Insight into the Phosphorescent Process of Cyclometalated Ir(III) Complexes: Combination of the Substituents on Primary and Ancillary Ligands Controls the Emission Rule and Quantum Yield

Rare high-efficiency deep blue organometallic phosphors are one of the major roadblocks to develop the white organic light-emitting diodes (OLEDs). In this article, the phosphorescent properties of four potential blue emitting cyclometalated (C boolean AND N) Ir(III) complexes (two experimental reported and two theoretical novel designed) are investigated by the density functional theory/time-dependent density functional theory (DFT/TDDFT) method to explore the cooperative effect of the electron-withdrawing substituent on the primary ligand associated with different ancillary ligands.
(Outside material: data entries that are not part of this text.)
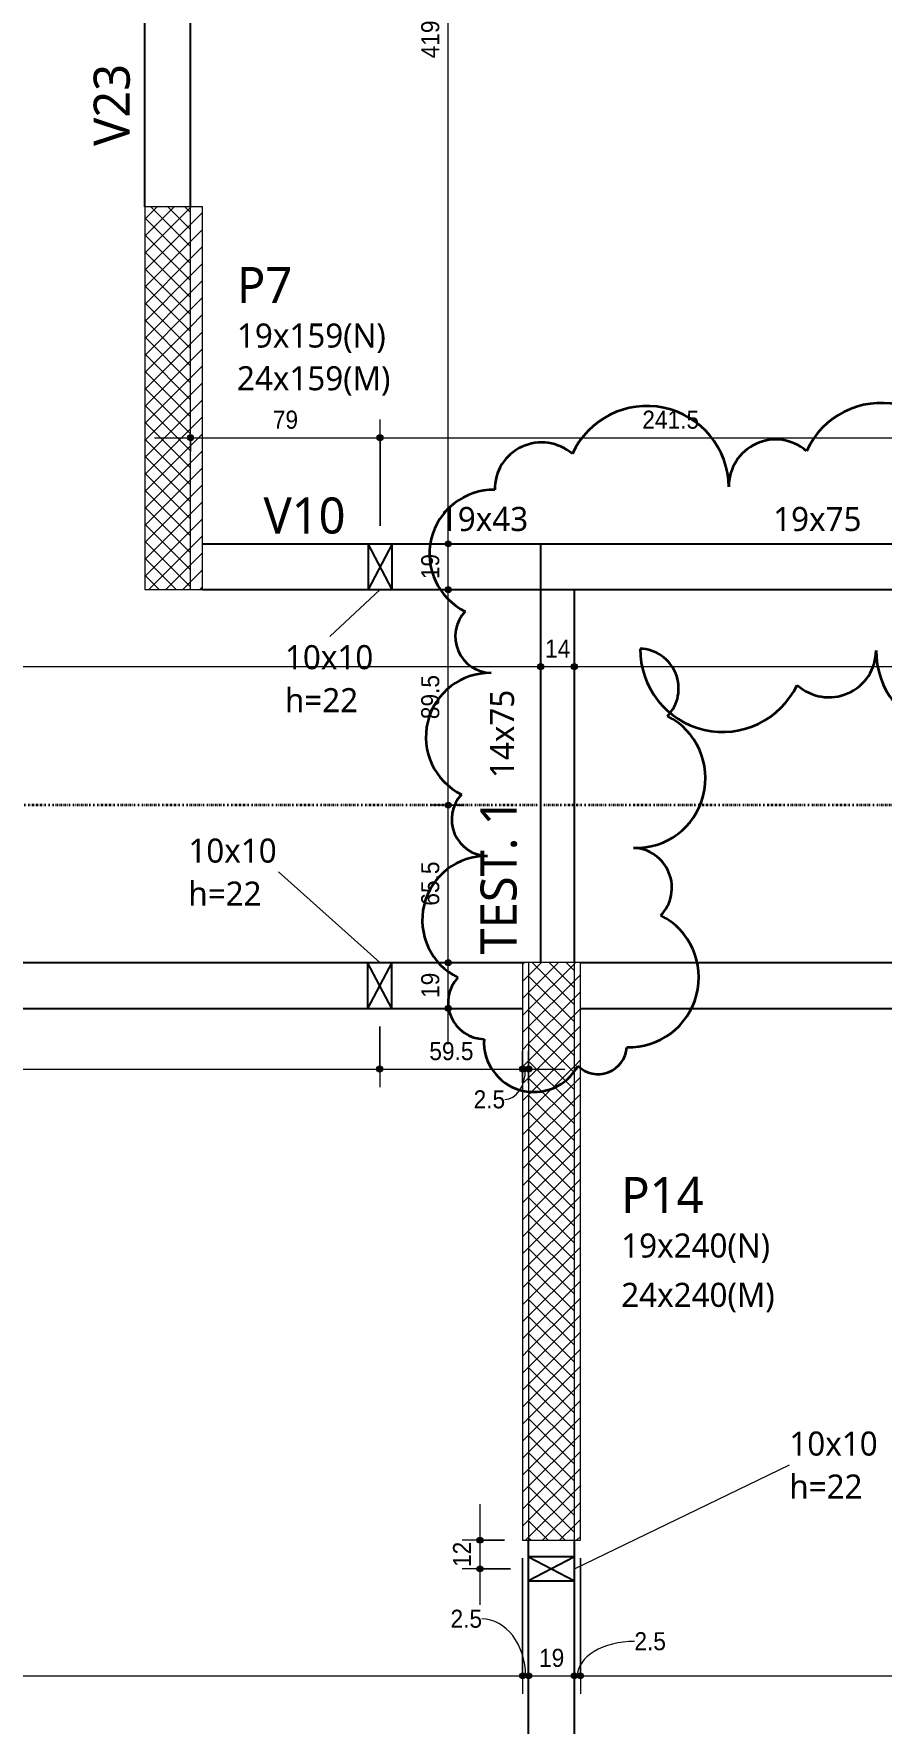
# Model space of a CAD drawing. Extents: x -1981 to 38708, y -3196 to 88064.
# Drawn here: x -1447 to -1094, y -498 to 204 of the extents above; entities that cross this region are included whole.
import ezdxf

# ---------------------------------------------------------------- set-up
doc = ezdxf.new("R2010")
doc.units = 0
for name, pattern in [('Dash dot', [1.5875, 0.635, -0.47625, 0, -0.47625]), ('Hidden', [0.714375, 0.47625, -0.238125]), ('Traço', [0.635, 0.3175, -0.3175])]:
    doc.linetypes.add(name, pattern=pattern)
for name, color, linetype, lineweight in [('A-ANNO-DIMS', 7, 'Continuous', 9), ('A-ANNO-DIMS-50', 7, 'Continuous', 9), ('A-DETL', 7, 'Hidden', 18), ('A-DETL-GENF', 7, 'Continuous', 18), ('A-DETL-THIN', 7, 'Continuous', 25), ('A-GENM', 7, 'Continuous', 25), ('A-GENM-HDLN', 7, 'Traço', 18), ('A-GENM-IDEN', 7, 'Continuous', 9), ('S-BEAM', 7, 'Continuous', 25), ('S-BEAM-HDLN', 7, 'Traço', 25), ('S-BEAM-IDEN', 7, 'Continuous', 9), ('S-COLS-IDEN', 7, 'Continuous', 9), ('S-GRID', 7, 'Continuous', 9)]:
    doc.layers.add(name, color=color, linetype=linetype, lineweight=lineweight)
doc.layers.add('G-ANNO-REVC', color=1, linetype='Continuous', lineweight=35, true_color=0xff0000)
doc.styles.add('Arial_1', font='arial.ttf', dxfattribs={"width": 0.9, "height": 7.5})
doc.styles.add('Gadugi_1', font='gadugi.ttf', dxfattribs={"height": 15})
doc.styles.add('Gadugi_2', font='gadugi.ttf', dxfattribs={"height": 10})
doc.dimstyles.new('PED_1_5mm_ESQ', dxfattribs={"dimscale": 30.48, "dimtxt": 7.651945, "dimasz": 0.328084, "dimexe": 0.246063, "dimexo": 0.246063, "dimgap": 0.049213, "dimtad": 1, "dimdec": 1, "dimrnd": 0.5, "dimdsep": 46, "dimtxsty": 'Arial_1', "dimblk1": 'DOTSMALL', "dimblk2": 'DOTSMALL', "dimsah": 1, "dimcen": 0.09, "dimdle": 0.492126, "dimazin": 0, "dimtfac": 1, "dimtdec": 4, "dimtix": 1, "dimtmove": 0, "dimatfit": 3, "dimfxl": 1, "dimtvp": 1, "dimtolj": 1, "dimtzin": 0, "dimarcsym": 2})
doc.dimstyles.new('PED_1_5mm_ESQ_1', dxfattribs={"dimscale": 30.48, "dimtxt": 7.651945, "dimasz": 0.328084, "dimexe": 0.246063, "dimexo": 0.246063, "dimgap": 0.049213, "dimtad": 1, "dimdec": 1, "dimrnd": 0.5, "dimdsep": 46, "dimtxsty": 'Arial_1', "dimblk1": 'DOTSMALL', "dimblk2": 'DOTSMALL', "dimsah": 1, "dimcen": 0.09, "dimdle": 0.492126, "dimazin": 0, "dimtfac": 1, "dimtdec": 4, "dimtix": 1, "dimtmove": 1, "dimatfit": 3, "dimfxl": 1, "dimtvp": 1, "dimtolj": 1, "dimtzin": 0, "dimarcsym": 2})
doc.dimstyles.new('PED_1_5mm_ESQ_3', dxfattribs={"dimscale": 30.48, "dimtxt": 7.651945, "dimasz": 0.328084, "dimexe": 0.246063, "dimexo": 0.246063, "dimgap": 0.049213, "dimtad": 1, "dimdec": 1, "dimrnd": 0.5, "dimdsep": 46, "dimtxsty": 'Arial_1', "dimblk1": 'DOTSMALL', "dimblk2": 'DOTSMALL', "dimsah": 1, "dimcen": 0.09, "dimdle": 0.492126, "dimazin": 0, "dimtfac": 1, "dimtdec": 4, "dimtix": 1, "dimtmove": 0, "dimatfit": 3, "dimfxl": 1, "dimtvp": 1, "dimtolj": 1, "dimtzin": 0, "dimarcsym": 2})
pattern_1 = [(45, (0, 0), (-3.535534, 3.535534), [])]
pattern_2 = [(45, (0, 0), (-3.535534, 3.535534), []), (135, (0, 0), (-3.535534, -3.535534), [])]

# ---------------------------------------------------------------- blocks, each defined once
blk = doc.blocks.new('PED_FURO_RETANGULAR_R04_2020 - 10x10x22-V1-PL D 001 - FORMA DO 1º PAVIMENTO')
at = {"layer": 'A-GENM-HDLN'}
for p, q in [((-5, 9.5), (5, -9.5)), ((-5, -9.5), (5, 9.5)), ((-5, -9.5), (-5, 9.5)), ((5, 9.5), (5, -9.5))]:
    blk.add_line(p, q, dxfattribs=at)
blk = doc.blocks.new('DIMBLOCK53-PL D 001 - FORMA DO 1º PAVIMENTO')
at = {"layer": 'A-ANNO-DIMS-50', "transparency": 16777216}
h = blk.add_hatch(color=256, dxfattribs=at)
edge = h.paths.add_edge_path(flags=0)
edge.add_arc((-1381.36, 36.23), 1.25, 0, 360)
h = blk.add_hatch(color=256, dxfattribs=at)
edge = h.paths.add_edge_path(flags=0)
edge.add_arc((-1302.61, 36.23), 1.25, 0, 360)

The origins of emission are identified by means of DFT and TDDFT calculations including spin orbit coupling (SOC). The theoretical results indicate that emissions from the higher lying triplet state also have a contribution. The radiative rate constant (k(r)) is quantitatively determined. To further elucidate the phosphorescent decay process, the SOC matrix elements, singlet triplet splitting energies, and transition dipole moments are calculated to evaluate the radiative process. Both the temperature-independent and temperature-dependent nonradiative decay processes are considered. The calculated results testify that the incorporation of the electron-withdrawing group heptafluoropropyl (HFP) is not insurance to improve the quantum yield. The substituents on the primary ligand should be combined with the suitable ancillary ligand to enhance the quantum yield.